### DIRECTIONS FOR THIS TASK:
Without copying any picture, transcribe exactly the lines of the data below from the one containing "MusicLimiterClass.m in the base workspace." through the one containing "musicVolumeIn : Inport".
************
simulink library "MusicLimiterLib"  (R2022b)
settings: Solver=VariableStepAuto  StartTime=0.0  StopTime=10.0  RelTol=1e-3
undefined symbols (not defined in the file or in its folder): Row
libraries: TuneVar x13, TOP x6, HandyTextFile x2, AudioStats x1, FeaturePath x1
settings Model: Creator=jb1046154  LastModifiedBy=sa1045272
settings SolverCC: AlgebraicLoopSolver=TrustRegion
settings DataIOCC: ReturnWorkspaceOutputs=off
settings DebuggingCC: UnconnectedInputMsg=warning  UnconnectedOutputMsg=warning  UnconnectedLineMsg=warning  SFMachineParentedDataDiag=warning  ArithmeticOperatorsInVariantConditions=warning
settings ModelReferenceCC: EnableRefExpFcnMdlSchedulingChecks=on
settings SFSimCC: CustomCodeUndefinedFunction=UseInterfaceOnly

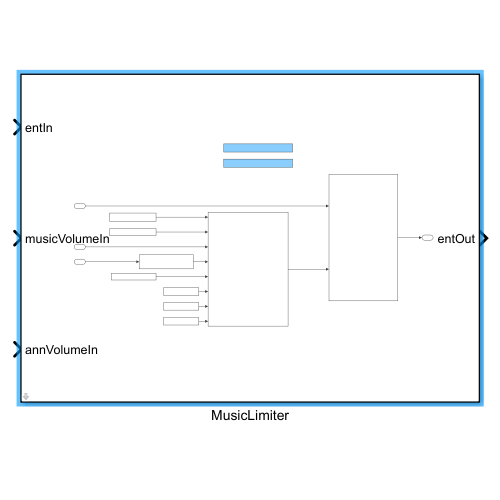
[thumbnail: Simulink's stored preview of the top-level diagram]
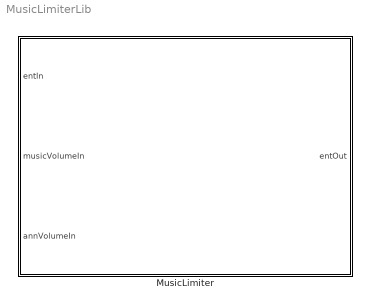
== system MusicLimiterLib ==
  MusicLimiter : Subsystem  mask(MusicLimiter){Config=[]}
      mask prompts: Config "MusicLimiterConfig"
      mask help:
      | This mask allows the setting of parameters for the MusicLimiter model.
      | Model parameters are set by a class instance in the base workspace.
      |
      | See 'Help' for details.
      mask init:
      | blkh=gcbh;
      | Config=BTConfig.Assert(blkh,Config);
      | 
      | Config.Validate();
      | Config.DoMaskInit(blkh);
      mask Help:
      | Defining model parameters:
      | The model parameters are set by the conents of an instance of MusicLimiterClass.m.
      | 
      | To set model parameters:
      | 1-Create an instance of MusicLimiterClass.m in the base workspace.
      | 2-In the model mask, set the 'Class instance' parameter to the name of the class instance in the base workspace.

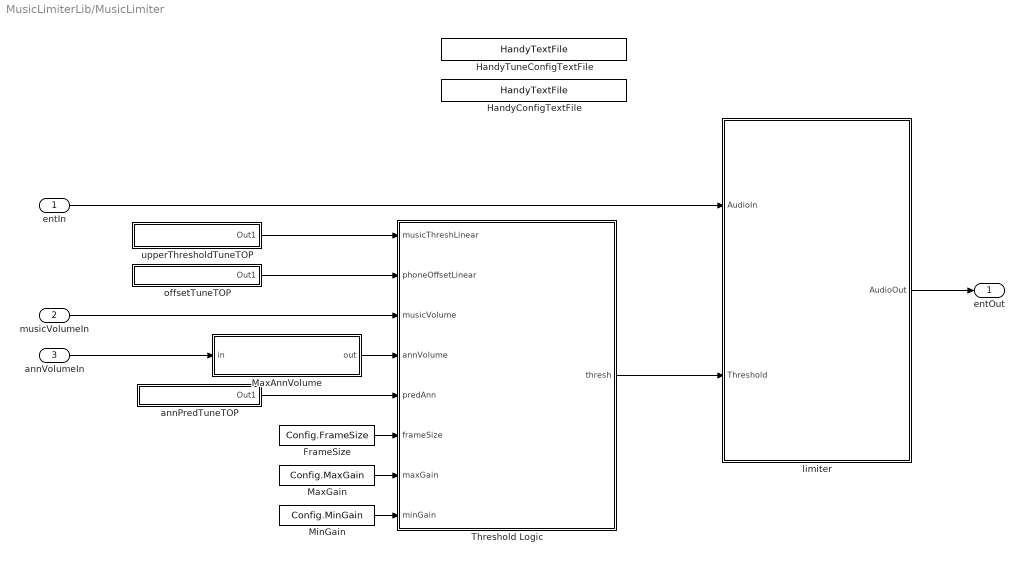
== system MusicLimiterLib/MusicLimiter ==
  entIn : Inport
  musicVolumeIn : Inport  Port=2
  annVolumeIn : Inport  Port=3
  FrameSize : Constant  Value=Config.FrameSize
  HandyConfigTextFile : HandyTextFile/HandyTextFile  TemplateSource=Config  FileSuffix=File  OpenDialogOnLoad=off  UseThisBlockName=off  AddGrandParentNamePrefix=off  TheDefaultText=% $(FILENAME) $(PREFIX) $(SUFFIX)  ShowInLibBrowser=on
      settings: SourceProductName=Bose Talaria
  HandyTuneConfigTextFile : HandyTextFile/HandyTextFile  TemplateSource=TuneConfig  FileSuffix=File  OpenDialogOnLoad=off  UseThisBlockName=off  AddGrandParentNamePrefix=off  TheDefaultText=% $(FILENAME) $(PREFIX) $(SUFFIX)  ShowInLibBrowser=on
      settings: SourceProductName=Bose Talaria
  MaxAnnVolume : MATLAB Function
  MaxGain : Constant  Value=Config.MaxGain
  MinGain : Constant  Value=Config.MinGain
  Threshold Logic : MATLAB Function
  annPredTuneTOP : Subsystem
  limiter : Subsystem
      mask DialogControl Container3 Prompt: Parameter Set
      mask Display:
      | [path,w,h] = IconLimiterMask();
      | 
      | % work in pixels since the icon does not scale
      | pos = get(gcbh,'position');
      | bw = pos(3) - pos(1);
      | bh = pos(4) - pos(2);
      | 
      | % Draw centered icon
      | xAdj = bw/2 - w/2;
      | yAdj = bh/2 - h/2 + 4;
      | for i=1:length(path)
      |     if (path(i).rgb(1) >= 0)
      |         patch(path(i).x+xAdj, path(i).y+yAdj, path(i).rgb);
      |     end
      |     if (path(i).stroke(1) >= 0)
      |         plot(path(i).x+xAdj, path(i).y+yAdj);
      |     end
      | end
      | 
      | % Anchor the corners of the coordinate system
      | patch(0,0,[1 1 1]);
      | patch(bw,bh,[1 1 1]);
      | 
      | % Display some text
      | text(bw/2, 4,'Limiter', ...
      |     'horizontalAlignment','center', ...
      |     'VerticalAlignment','bottom');
  offsetTuneTOP : Subsystem
  upperThresholdTuneTOP : Subsystem
  entOut : Outport  VectorParamsAs1DForOutWhenUnconnected=off
  wires:
  entIn/1 -> limiter/1(AudioIn)
  Threshold Logic/1(thresh) -> limiter/2(Threshold)
  limiter/1(AudioOut) -> entOut/1
  FrameSize/1 -> Threshold Logic/6(frameSize)
  musicVolumeIn/1 -> Threshold Logic/3(musicVolume)
  annVolumeIn/1 -> MaxAnnVolume/1(in)
  MaxAnnVolume/1(out) -> Threshold Logic/4(annVolume)
  upperThresholdTuneTOP/1(Out1) -> Threshold Logic/1(musicThreshLinear)
  offsetTuneTOP/1(Out1) -> Threshold Logic/2(phoneOffsetLinear)
  annPredTuneTOP/1(Out1) -> Threshold Logic/5(predAnn)
  MaxGain/1 -> Threshold Logic/7(maxGain)
  MinGain/1 -> Threshold Logic/8(minGain)

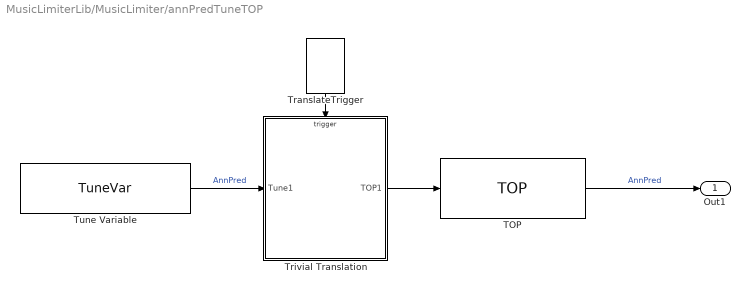
== system MusicLimiterLib/MusicLimiter/annPredTuneTOP ==
  TOP : TOP/TOP  TriggerInit=[440 20 585 80]  TopName=AnnPred  DataType=single  BankNumber=0  PreOverlay=false  PostOverlay=false  Role=Automatic
      settings: SourceProductName=Bose Talaria
  TranslateTrigger : TuneVar/TranslateTrigger  TriggerInit=[306 -100 344 -45]
      settings: SourceProductName=Bose Talaria
  Trivial Translation : MATLAB Function  TreatAsAtomicUnit=on
  Tune Variable : TuneVar/TuneVar  TuneName=AnnPred  SpecifyMaxSize=off  VariableDim=1 (Row)  MaxSize=[1 1]  TunabilityNumber=1  MinValue=[]  MaxValue=[]  TriggerInit=[20 25 190 75]  MaskValue=Config.TuneDefaults.AnnPred
      settings: SourceProductName=Bose Talaria
  Out1 : Outport  VectorParamsAs1DForOutWhenUnconnected=off
  wires:
  TOP/1 -> Out1/1  "AnnPred"
  Tune Variable/1 -> Trivial Translation/1(Tune1)  "AnnPred"
  Trivial Translation/1(TOP1) -> TOP/1
  TranslateTrigger/1 -> Trivial Translation/Trigger

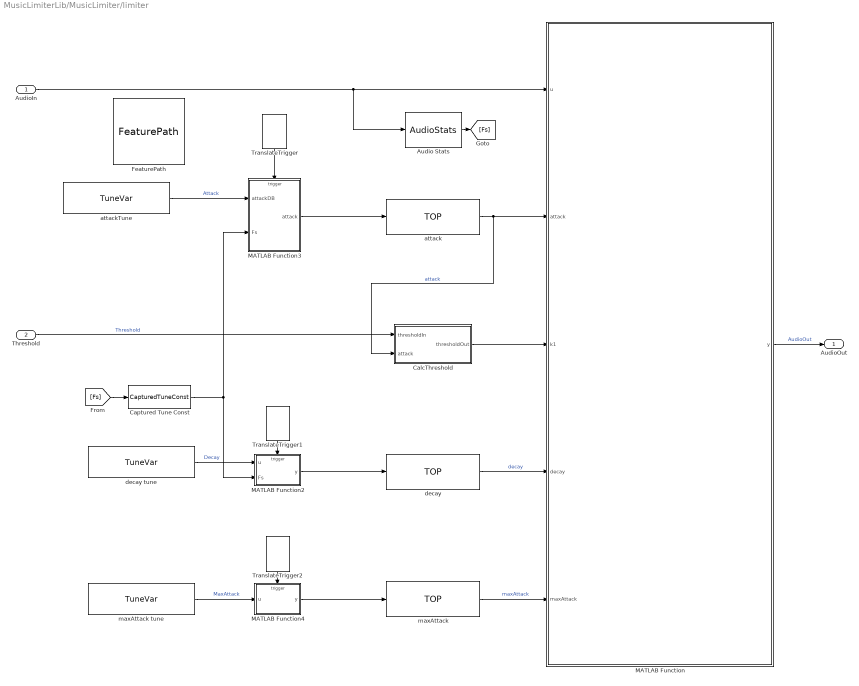
== system MusicLimiterLib/MusicLimiter/limiter ==
  AudioIn : Inport
  Threshold : Inport  Port=2
  Audio Stats : AudioStats/AudioStats  DoSampleRate=on  TypeSampleRate=double  DoCallRate=off  TypeCallRate=Inherit: auto  DoFrameSize=off  TypeFrameSize=Inherit: auto  DoChannelCount=off  TypeChannelCount=Inherit: auto  DoTaskRateFactor=off  TypeTaskRateFactor=Inherit: auto  MacroNameRoot=AUDIO  MacroNameRootEval='AUDIO'  IsMacroNameEval=off  MacroSampleRate=off  MacroCallRate=off  MacroFrameSize=off  MacroChannelCount=off  MacroTaskRateFactor=off  MacroTaskId=off  ValidateSampleRate=off  ValueSampleRate=[]  ValidateCallRate=off  ValueCallRate=[]  ValidateFrameSize=off  ValueFrameSize=[]  ValidateChannelCount=off  ValueChannelCount=[]  ValidateTaskRateFactor=off  ValueTaskRateFactor=[]
      settings: SourceProductName=Bose Talaria
  CalcThreshold : MATLAB Function  TreatAsAtomicUnit=on
  Captured Tune Const : TuneVar/CapturedTuneConst  TriggerInit=[45 452 145 488]  Role=Automatic
      settings: SourceProductName=Bose Talaria
  FeaturePath : FeaturePath/FeaturePath  FeatureName=Limiter  IsGroup=off  GroupNumber=-1  IsModule=off  TriggerInit=[20 -11 135 96]
      settings: SourceProductName=Bose Talaria
  MATLAB Function : MATLAB Function  TreatAsAtomicUnit=on
  MATLAB Function2 : MATLAB Function  TreatAsAtomicUnit=on
  MATLAB Function3 : MATLAB Function  TreatAsAtomicUnit=on
  MATLAB Function4 : MATLAB Function  TreatAsAtomicUnit=on
  TranslateTrigger : TuneVar/TranslateTrigger  TriggerInit=[261 15 299 70]
      settings: SourceProductName=Bose Talaria
  TranslateTrigger1 : TuneVar/TranslateTrigger  TriggerInit=[266 485 304 540]
      settings: SourceProductName=Bose Talaria
  TranslateTrigger2 : TuneVar/TranslateTrigger  TriggerInit=[266 695 304 750]
      settings: SourceProductName=Bose Talaria
  attack : TOP/TOP  TriggerInit=[460 152 610 208]  TopName=attack  DataType=single  BankNumber=0  PreOverlay=false  PostOverlay=false  Role=Automatic
      settings: SourceProductName=Bose Talaria
  attackTune : TuneVar/TuneVar  TuneName=Attack  SpecifyMaxSize=off  VariableDim=1 (Row)  MaxSize=[1 1]  TunabilityNumber=1  MinValue=[]  MaxValue=[]  TriggerInit=[-60 125 110 175]  MaskValue=Config.TuneDefaults.LimiterAttack
      settings: SourceProductName=Bose Talaria
  decay : TOP/TOP  TriggerInit=[460 562 610 618]  TopName=decay  DataType=single  BankNumber=0  PreOverlay=false  PostOverlay=false  Role=Automatic
      settings: SourceProductName=Bose Talaria
  decay tune : TuneVar/TuneVar  TuneName=Decay  SpecifyMaxSize=off  VariableDim=1 (Row)  MaxSize=[1 1]  TunabilityNumber=1  MinValue=[]  MaxValue=[]  TriggerInit=[-20 550 150 600]  MaskValue=Config.TuneDefaults.LimiterDecay
      settings: SourceProductName=Bose Talaria
  maxAttack : TOP/TOP  TriggerInit=[460 767 610 823]  TopName=maxAttack  DataType=single  BankNumber=0  PreOverlay=false  PostOverlay=false  Role=Automatic
      settings: SourceProductName=Bose Talaria
  maxAttack tune : TuneVar/TuneVar  TuneName=MaxAttack  SpecifyMaxSize=off  VariableDim=1 (Row)  MaxSize=[1 1]  TunabilityNumber=1  MinValue=[]  MaxValue=[]  TriggerInit=[-20 770 150 820]  MaskValue=Config.TuneDefaults.LimiterMaxAttack
      settings: SourceProductName=Bose Talaria
  AudioOut : Outport  VectorParamsAs1DForOutWhenUnconnected=off
  wires:
  Captured Tune Const/1 -> MATLAB Function2/2(Fs), MATLAB Function3/2(Fs)
  MATLAB Function3/1(attack) -> attack/1
  maxAttack/1 -> MATLAB Function/5(maxAttack)  "maxAttack"
  MATLAB Function4/1(y) -> maxAttack/1
  TranslateTrigger2/1 -> MATLAB Function4/Trigger
  maxAttack tune/1 -> MATLAB Function4/1(u)  "MaxAttack"
  TranslateTrigger/1 -> MATLAB Function3/Trigger
  [Fs] -> Captured Tune Const/1
  Audio Stats/1 -> [Fs]
  decay/1 -> MATLAB Function/4(decay)  "decay"
  MATLAB Function2/1(y) -> decay/1
  attack/1 -> CalcThreshold/2(attack), MATLAB Function/2(attack)  "attack"
  TranslateTrigger1/1 -> MATLAB Function2/Trigger
  decay tune/1 -> MATLAB Function2/1(u)  "Decay"
  attackTune/1 -> MATLAB Function3/1(attackDB)  "Attack"
  MATLAB Function/1(y) -> AudioOut/1  "AudioOut"
  AudioIn/1 -> Audio Stats/1, MATLAB Function/1(u)
  CalcThreshold/1(thresholdOut) -> MATLAB Function/3(k1)
  Threshold/1 -> CalcThreshold/1(thresholdIn)  "Threshold"

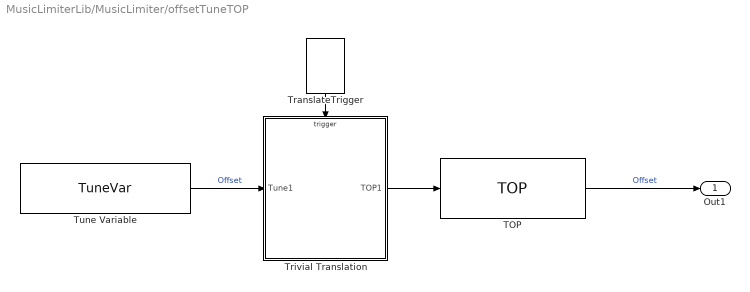
== system MusicLimiterLib/MusicLimiter/offsetTuneTOP ==
  TOP : TOP/TOP  TriggerInit=[440 20 585 80]  TopName=Offset  DataType=single  BankNumber=0  PreOverlay=false  PostOverlay=false  Role=Automatic
      settings: SourceProductName=Bose Talaria
  TranslateTrigger : TuneVar/TranslateTrigger  TriggerInit=[306 -100 344 -45]
      settings: SourceProductName=Bose Talaria
  Trivial Translation : MATLAB Function  TreatAsAtomicUnit=on
  Tune Variable : TuneVar/TuneVar  TuneName=Offset  SpecifyMaxSize=off  VariableDim=1 (Row)  MaxSize=[1 1]  TunabilityNumber=1  MinValue=[]  MaxValue=[]  TriggerInit=[20 25 190 75]  MaskValue=Config.TuneDefaults.Offset
      settings: SourceProductName=Bose Talaria
  Out1 : Outport  VectorParamsAs1DForOutWhenUnconnected=off
  wires:
  TOP/1 -> Out1/1  "Offset"
  Tune Variable/1 -> Trivial Translation/1(Tune1)  "Offset"
  Trivial Translation/1(TOP1) -> TOP/1
  TranslateTrigger/1 -> Trivial Translation/Trigger

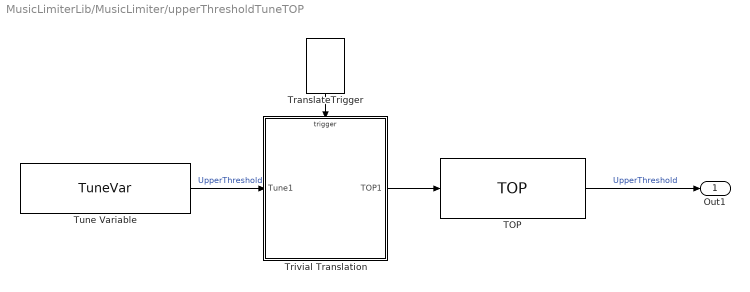
== system MusicLimiterLib/MusicLimiter/upperThresholdTuneTOP ==
  TOP : TOP/TOP  TriggerInit=[440 20 585 80]  TopName=UpperThreshold  DataType=single  BankNumber=0  PreOverlay=false  PostOverlay=false  Role=Automatic
      settings: SourceProductName=Bose Talaria
  TranslateTrigger : TuneVar/TranslateTrigger  TriggerInit=[306 -100 344 -45]
      settings: SourceProductName=Bose Talaria
  Trivial Translation : MATLAB Function  TreatAsAtomicUnit=on
  Tune Variable : TuneVar/TuneVar  TuneName=UpperThreshold  SpecifyMaxSize=off  VariableDim=1 (Row)  MaxSize=[1 1]  TunabilityNumber=1  MinValue=[]  MaxValue=[]  TriggerInit=[20 25 190 75]  MaskValue=Config.TuneDefaults.UpperThreshold
      settings: SourceProductName=Bose Talaria
  Out1 : Outport  VectorParamsAs1DForOutWhenUnconnected=off
  wires:
  TOP/1 -> Out1/1  "UpperThreshold"
  Tune Variable/1 -> Trivial Translation/1(Tune1)  "UpperThreshold"
  Trivial Translation/1(TOP1) -> TOP/1
  TranslateTrigger/1 -> Trivial Translation/Trigger

== matlab function MusicLimiterLib/MusicLimiter/MaxAnnVolume ==
  data: in input; out output
function out = max_ann_volume(in)

out = single(ones(1,32));
for idx = 1:size(in, 2)
    out(idx) = max(in(:, idx));
end

== matlab function MusicLimiterLib/MusicLimiter/offsetTuneTOP/Trivial Translation ==
  data: TOP1 output; Tune1 input
  events: trigger input FUNCTION_CALL_EVENT
function TOP1  = fcn(Tune1)
%#codegen

% ----- To access TuneVar maximum size, current size, and current value:
%   Note: TuneVar signals arrive with exposed variable size information.
%         The expressions below illustrate for the "Tune1" input argument.
%
%   size(Tune1.Value) : the maximum possible size of the Tune1 variable
%
%   Tune.Size   : the current size of *valid* data in Tune1.Value
%
%   Tune1.Size(1) : Number of rows present in Tune1 - this does not vary.
%
%   Tune1.Size(2) : Number of columns currently valid in Tune1 - this is
%       the variable part of size that can change (if allowed by TuneVar).
%
%   Tune1.Value : the current value of the tune variable... but end-padded 
%       to the maximum available size with undefined/invalid data.
%
%   numel(Tune1.Value) : another way of looking at the maximum number of
%       elements that could arrive in Tune1.Value
%
% ----- To register an error, use the following method (works like printf):
%   TranslateError( <format string>, <arguments ... )
%   ... this error will cause the build process to abort.

% A trivial pass-through translation looks like this:
%TOP1 = Tune1.Value;
TOP1 = 10 ^ ((Tune1.Value) / 20);

== matlab function MusicLimiterLib/MusicLimiter/limiter/MATLAB Function ==
  data: u input; y output; attack input; k1 input; decay input; maxAttack input
function y = limiter(u, attack, k1, decay, maxAttack)

% Grab data from input
y = coder.nullcopy(u);
[frameSize, channelCount] = size(u);

maxGain = single(1);

persistent state;
if isempty(state)
    state = single(1 * ones(1,channelCount));
end

% Process the audio
for i = 1:channelCount
    k0 = 1 + attack(i);
    g1 = state(i);

    for s = 1:frameSize
        % Compute the gain for this sample. Implementation copied from BDSP
        p1 = k1(i) * g1;
        p2 = u(s, i);
        p2 = abs(p2);
        g1 = g1 * decay(i);
        p2 = p2 * p1;
        p2 = max(p2, attack(i));
        p2 = k0 - p2;
        p2 = max(p2, maxAttack(i));
        g1 = g1 * p2;
        g1 = min(g1, maxGain);

        % Apply the gain
        y(s, i) = u(s, i) * g1;
    end

    state(i) = g1;
end

== matlab function MusicLimiterLib/MusicLimiter/annPredTuneTOP/Trivial Translation ==
  data: TOP1 output; Tune1 input
  events: trigger input FUNCTION_CALL_EVENT
function TOP1  = fcn(Tune1)
%#codegen

% ----- To access TuneVar maximum size, current size, and current value:
%   Note: TuneVar signals arrive with exposed variable size information.
%         The expressions below illustrate for the "Tune1" input argument.
%
%   size(Tune1.Value) : the maximum possible size of the Tune1 variable
%
%   Tune.Size   : the current size of *valid* data in Tune1.Value
%
%   Tune1.Size(1) : Number of rows present in Tune1 - this does not vary.
%
%   Tune1.Size(2) : Number of columns currently valid in Tune1 - this is
%       the variable part of size that can change (if allowed by TuneVar).
%
%   Tune1.Value : the current value of the tune variable... but end-padded 
%       to the maximum available size with undefined/invalid data.
%
%   numel(Tune1.Value) : another way of looking at the maximum number of
%       elements that could arrive in Tune1.Value
%
% ----- To register an error, use the following method (works like printf):
%   TranslateError( <format string>, <arguments ... )
%   ... this error will cause the build process to abort.

% A trivial pass-through translation looks like this:
%TOP1 = Tune1.Value;
TOP1 = 10 ^ ((Tune1.Value) / 20);

== matlab function MusicLimiterLib/MusicLimiter/limiter/MATLAB Function2 ==
  data: u input; y output; Fs input
  events: trigger input FUNCTION_CALL_EVENT
function y = fcn(u, Fs)

y = single(undb20(abs(u.Value) / Fs));

== matlab function MusicLimiterLib/MusicLimiter/limiter/MATLAB Function3 ==
  data: attackDB input; Fs input; attack output
  events: trigger input FUNCTION_CALL_EVENT
%function [attack, k1]= fcn(attackDB, threshold, Fs)
function attack = fcn(attackDB, Fs)
attack = single(1 - undb20(-abs(attackDB.Value) / Fs));
%k1 = attack ./ single(threshold.Value);

== matlab function MusicLimiterLib/MusicLimiter/limiter/MATLAB Function4 ==
  data: u input; y output
  events: trigger input FUNCTION_CALL_EVENT
function y = fcn(u)

y = single(undb20(-abs(u.Value)));

== matlab function MusicLimiterLib/MusicLimiter/limiter/CalcThreshold ==
  data: thresholdIn input; thresholdOut output; attack input
function thresholdOut = calcThreshold(thresholdIn, attack)

thresholdOut = attack ./ single(thresholdIn);

== matlab function MusicLimiterLib/MusicLimiter/upperThresholdTuneTOP/Trivial Translation ==
  data: TOP1 output; Tune1 input
  events: trigger input FUNCTION_CALL_EVENT
function TOP1  = fcn(Tune1)
%#codegen

% ----- To access TuneVar maximum size, current size, and current value:
%   Note: TuneVar signals arrive with exposed variable size information.
%         The expressions below illustrate for the "Tune1" input argument.
%
%   size(Tune1.Value) : the maximum possible size of the Tune1 variable
%
%   Tune.Size   : the current size of *valid* data in Tune1.Value
%
%   Tune1.Size(1) : Number of rows present in Tune1 - this does not vary.
%
%   Tune1.Size(2) : Number of columns currently valid in Tune1 - this is
%       the variable part of size that can change (if allowed by TuneVar).
%
%   Tune1.Value : the current value of the tune variable... but end-padded 
%       to the maximum available size with undefined/invalid data.
%
%   numel(Tune1.Value) : another way of looking at the maximum number of
%       elements that could arrive in Tune1.Value
%
% ----- To register an error, use the following method (works like printf):
%   TranslateError( <format string>, <arguments ... )
%   ... this error will cause the build process to abort.

% A trivial pass-through translation looks like this:
%TOP1 = Tune1.Value;
TOP1 = 10 ^ ((Tune1.Value) / 20);

== matlab function MusicLimiterLib/MusicLimiter/Threshold Logic ==
  data: musicThreshLinear input; phoneOffsetLinear input; thresh output; musicVolume input; annVolume input; predAnn input; frameSize input; maxGain input; minGain input
function thresh  = threshCalc(musicThreshLinear, phoneOffsetLinear, musicVolume, annVolume, predAnn, frameSize, maxGain, minGain)
% Keep the music limited to the minimum of the specifed music threshold or
% the current level of the phone minus a tuned offset

thresh = single(annVolume);

% Limit announcement and entertainment volumes to 1 or less
annVolumeLimited = min(1.0, annVolume);
musicVolumeLimited = min(1.0, musicVolume);

% Calculate target threshold
annTargetLevel = predAnn * annVolumeLimited / (phoneOffsetLinear + eps);
targetLevel = min(musicThreshLinear, annTargetLevel);
musicVolumeSamp = musicVolumeLimited(floor((0:(numel(targetLevel)-1)) / frameSize) + 1);
thresh = targetLevel ./ (musicVolumeSamp + eps);

% Check limits
thresh = thresh / musicThreshLinear;
thresh = min(maxGain, thresh);
thresh = max(minGain, thresh);
************
### RESULT OF THIS TASK:
      | 1-Create an instance of MusicLimiterClass.m in the base workspace.
      | 2-In the model mask, set the 'Class instance' parameter to the name of the class instance in the base workspace.

== system MusicLimiterLib/MusicLimiter ==
  entIn : Inport
  musicVolumeIn : Inport  Port=2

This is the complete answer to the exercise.